= Material provided =
⁂

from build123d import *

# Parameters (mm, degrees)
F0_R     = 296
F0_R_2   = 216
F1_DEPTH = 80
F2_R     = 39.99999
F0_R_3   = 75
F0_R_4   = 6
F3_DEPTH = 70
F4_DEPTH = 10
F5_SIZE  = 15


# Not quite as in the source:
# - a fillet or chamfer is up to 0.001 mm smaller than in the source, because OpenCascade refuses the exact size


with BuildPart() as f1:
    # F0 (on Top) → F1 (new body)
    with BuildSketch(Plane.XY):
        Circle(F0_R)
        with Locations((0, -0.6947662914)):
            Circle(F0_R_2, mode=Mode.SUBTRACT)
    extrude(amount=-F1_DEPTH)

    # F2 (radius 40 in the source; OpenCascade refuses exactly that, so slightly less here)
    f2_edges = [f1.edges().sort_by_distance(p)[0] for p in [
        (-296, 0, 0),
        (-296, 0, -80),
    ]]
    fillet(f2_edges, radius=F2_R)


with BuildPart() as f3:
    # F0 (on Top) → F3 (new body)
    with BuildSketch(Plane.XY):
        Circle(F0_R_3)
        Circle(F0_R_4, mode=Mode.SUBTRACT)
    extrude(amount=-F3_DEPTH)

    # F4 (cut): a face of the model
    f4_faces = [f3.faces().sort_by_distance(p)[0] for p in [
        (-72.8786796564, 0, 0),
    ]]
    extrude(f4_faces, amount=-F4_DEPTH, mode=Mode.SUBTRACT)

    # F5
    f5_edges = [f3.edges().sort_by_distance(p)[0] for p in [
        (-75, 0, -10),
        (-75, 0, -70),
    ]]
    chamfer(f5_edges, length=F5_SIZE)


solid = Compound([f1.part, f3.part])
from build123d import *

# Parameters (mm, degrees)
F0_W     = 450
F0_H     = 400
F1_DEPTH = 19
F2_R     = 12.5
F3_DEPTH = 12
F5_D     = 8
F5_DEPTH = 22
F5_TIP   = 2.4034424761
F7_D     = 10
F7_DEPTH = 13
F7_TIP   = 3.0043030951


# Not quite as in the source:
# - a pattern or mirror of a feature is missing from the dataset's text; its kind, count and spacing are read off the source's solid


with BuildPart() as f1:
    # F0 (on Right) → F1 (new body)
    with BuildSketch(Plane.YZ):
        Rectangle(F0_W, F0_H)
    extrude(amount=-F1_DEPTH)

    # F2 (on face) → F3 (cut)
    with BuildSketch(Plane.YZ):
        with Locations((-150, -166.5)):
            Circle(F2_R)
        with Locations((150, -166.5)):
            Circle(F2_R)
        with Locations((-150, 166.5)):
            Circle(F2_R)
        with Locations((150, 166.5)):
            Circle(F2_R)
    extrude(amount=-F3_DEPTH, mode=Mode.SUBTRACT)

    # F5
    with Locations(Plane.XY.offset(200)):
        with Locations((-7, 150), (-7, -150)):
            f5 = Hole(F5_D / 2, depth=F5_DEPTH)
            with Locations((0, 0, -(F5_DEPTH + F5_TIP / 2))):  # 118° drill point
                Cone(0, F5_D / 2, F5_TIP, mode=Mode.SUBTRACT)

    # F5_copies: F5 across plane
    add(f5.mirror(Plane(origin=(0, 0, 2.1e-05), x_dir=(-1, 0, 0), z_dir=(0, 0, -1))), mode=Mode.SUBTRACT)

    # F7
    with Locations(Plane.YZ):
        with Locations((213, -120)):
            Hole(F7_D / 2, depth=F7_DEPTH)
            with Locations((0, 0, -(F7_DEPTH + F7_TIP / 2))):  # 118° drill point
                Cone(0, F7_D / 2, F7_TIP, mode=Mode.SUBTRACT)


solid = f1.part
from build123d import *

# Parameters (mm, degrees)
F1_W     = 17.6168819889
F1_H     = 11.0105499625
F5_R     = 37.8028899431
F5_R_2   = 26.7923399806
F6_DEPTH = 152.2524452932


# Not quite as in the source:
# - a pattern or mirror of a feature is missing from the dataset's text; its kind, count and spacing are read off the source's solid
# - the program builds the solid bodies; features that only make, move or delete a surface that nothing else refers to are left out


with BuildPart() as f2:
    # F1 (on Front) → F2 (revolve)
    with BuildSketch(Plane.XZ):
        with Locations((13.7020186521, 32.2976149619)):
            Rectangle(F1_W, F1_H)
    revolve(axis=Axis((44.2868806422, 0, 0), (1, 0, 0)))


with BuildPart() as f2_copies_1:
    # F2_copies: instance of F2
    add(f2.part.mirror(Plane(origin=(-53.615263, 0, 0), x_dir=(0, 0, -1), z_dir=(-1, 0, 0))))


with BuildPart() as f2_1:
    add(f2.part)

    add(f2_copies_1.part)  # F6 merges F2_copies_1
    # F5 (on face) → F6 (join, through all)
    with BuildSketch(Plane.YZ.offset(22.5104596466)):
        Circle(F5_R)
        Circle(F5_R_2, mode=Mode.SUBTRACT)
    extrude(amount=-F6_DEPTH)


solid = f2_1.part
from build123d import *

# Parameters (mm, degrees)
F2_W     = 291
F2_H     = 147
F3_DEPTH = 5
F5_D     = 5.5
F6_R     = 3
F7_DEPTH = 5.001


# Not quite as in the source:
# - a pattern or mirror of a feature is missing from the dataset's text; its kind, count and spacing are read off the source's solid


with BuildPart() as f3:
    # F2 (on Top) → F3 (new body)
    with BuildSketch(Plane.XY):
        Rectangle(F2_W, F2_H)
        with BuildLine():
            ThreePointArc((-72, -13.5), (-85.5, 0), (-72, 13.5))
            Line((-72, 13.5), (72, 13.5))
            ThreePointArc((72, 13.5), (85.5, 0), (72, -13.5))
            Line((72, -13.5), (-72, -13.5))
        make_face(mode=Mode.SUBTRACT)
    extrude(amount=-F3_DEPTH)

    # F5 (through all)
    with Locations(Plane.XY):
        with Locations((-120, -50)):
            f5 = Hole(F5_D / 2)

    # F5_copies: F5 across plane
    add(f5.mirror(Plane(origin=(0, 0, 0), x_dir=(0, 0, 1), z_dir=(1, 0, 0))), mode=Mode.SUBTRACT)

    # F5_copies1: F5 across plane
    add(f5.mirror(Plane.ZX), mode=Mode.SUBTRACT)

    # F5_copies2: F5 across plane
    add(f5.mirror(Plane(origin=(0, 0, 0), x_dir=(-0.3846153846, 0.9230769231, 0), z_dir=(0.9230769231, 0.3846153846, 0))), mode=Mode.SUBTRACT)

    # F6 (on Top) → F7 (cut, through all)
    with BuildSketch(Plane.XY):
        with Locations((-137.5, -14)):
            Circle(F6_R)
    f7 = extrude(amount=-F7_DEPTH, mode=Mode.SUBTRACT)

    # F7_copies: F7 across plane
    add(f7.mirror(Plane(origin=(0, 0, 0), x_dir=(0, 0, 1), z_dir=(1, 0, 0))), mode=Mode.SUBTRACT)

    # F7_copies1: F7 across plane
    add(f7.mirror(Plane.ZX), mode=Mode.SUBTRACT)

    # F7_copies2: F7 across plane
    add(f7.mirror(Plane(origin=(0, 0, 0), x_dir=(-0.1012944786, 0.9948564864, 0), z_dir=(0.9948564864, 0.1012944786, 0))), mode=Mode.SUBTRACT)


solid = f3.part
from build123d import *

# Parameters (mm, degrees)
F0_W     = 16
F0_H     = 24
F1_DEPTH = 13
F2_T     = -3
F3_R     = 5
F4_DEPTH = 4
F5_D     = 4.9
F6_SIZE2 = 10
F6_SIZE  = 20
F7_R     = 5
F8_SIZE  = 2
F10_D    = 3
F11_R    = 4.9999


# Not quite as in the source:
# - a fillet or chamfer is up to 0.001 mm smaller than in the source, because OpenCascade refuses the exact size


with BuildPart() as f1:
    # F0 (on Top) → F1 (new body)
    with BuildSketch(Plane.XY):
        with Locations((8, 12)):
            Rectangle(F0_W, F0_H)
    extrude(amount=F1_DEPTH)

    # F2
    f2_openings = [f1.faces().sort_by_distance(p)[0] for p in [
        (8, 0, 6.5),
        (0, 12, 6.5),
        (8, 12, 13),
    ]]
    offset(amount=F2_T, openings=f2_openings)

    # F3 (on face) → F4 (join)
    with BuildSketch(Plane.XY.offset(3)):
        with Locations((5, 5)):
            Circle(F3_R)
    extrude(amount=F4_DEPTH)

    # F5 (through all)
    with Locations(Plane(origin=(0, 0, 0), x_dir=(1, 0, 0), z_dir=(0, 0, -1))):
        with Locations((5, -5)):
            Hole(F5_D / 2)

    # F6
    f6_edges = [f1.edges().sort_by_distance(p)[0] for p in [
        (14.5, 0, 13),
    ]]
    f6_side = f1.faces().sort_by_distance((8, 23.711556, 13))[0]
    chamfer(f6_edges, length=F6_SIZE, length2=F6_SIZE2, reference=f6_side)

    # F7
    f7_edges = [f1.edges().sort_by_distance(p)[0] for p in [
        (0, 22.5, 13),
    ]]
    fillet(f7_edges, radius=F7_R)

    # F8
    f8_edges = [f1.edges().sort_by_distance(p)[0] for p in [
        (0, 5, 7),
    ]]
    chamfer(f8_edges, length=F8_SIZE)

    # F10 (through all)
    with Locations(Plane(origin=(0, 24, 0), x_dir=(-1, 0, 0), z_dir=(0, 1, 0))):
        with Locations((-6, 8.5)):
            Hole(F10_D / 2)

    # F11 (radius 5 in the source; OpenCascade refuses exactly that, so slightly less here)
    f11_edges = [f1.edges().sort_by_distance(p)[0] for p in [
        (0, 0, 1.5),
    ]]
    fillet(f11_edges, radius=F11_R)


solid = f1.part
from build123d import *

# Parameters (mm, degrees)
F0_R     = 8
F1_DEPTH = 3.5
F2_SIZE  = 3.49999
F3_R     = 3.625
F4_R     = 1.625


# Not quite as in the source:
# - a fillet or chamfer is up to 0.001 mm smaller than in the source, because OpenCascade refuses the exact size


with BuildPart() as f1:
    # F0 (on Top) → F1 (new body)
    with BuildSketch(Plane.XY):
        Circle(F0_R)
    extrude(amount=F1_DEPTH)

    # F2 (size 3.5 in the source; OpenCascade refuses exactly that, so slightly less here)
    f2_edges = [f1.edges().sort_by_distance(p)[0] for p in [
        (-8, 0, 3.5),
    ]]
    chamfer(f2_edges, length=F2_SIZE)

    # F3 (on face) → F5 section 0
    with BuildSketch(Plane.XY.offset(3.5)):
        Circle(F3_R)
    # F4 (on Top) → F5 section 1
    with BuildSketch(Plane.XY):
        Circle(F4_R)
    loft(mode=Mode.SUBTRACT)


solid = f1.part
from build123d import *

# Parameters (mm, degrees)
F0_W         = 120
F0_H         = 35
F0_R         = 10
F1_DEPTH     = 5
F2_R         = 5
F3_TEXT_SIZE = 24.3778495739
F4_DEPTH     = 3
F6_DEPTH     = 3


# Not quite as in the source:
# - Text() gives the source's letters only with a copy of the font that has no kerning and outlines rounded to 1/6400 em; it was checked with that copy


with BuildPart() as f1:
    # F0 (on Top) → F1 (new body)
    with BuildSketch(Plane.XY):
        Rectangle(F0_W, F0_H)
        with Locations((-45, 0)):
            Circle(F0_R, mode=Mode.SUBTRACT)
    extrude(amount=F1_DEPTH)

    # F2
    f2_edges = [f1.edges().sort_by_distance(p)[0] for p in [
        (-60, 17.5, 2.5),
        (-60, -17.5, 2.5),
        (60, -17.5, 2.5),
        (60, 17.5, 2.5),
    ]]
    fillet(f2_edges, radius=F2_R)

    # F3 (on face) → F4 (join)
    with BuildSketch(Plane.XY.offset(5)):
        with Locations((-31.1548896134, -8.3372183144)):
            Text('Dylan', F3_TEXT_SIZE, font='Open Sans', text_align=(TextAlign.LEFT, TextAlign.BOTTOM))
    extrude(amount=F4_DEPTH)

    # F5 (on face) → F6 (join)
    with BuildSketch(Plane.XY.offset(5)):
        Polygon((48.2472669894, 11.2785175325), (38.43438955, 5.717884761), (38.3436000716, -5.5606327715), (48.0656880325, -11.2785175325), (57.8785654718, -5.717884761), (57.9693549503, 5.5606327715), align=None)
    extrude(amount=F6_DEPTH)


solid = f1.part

⁂

= Action item =
Where a line of the records above holds the word "chamfer", copy that line.

= Response for this exercise =
# - a fillet or chamfer is up to 0.001 mm smaller than in the source, because OpenCascade refuses the exact size
    chamfer(f5_edges, length=F5_SIZE)
# - a fillet or chamfer is up to 0.001 mm smaller than in the source, because OpenCascade refuses the exact size
    chamfer(f6_edges, length=F6_SIZE, length2=F6_SIZE2, reference=f6_side)
    chamfer(f8_edges, length=F8_SIZE)
# - a fillet or chamfer is up to 0.001 mm smaller than in the source, because OpenCascade refuses the exact size
    chamfer(f2_edges, length=F2_SIZE)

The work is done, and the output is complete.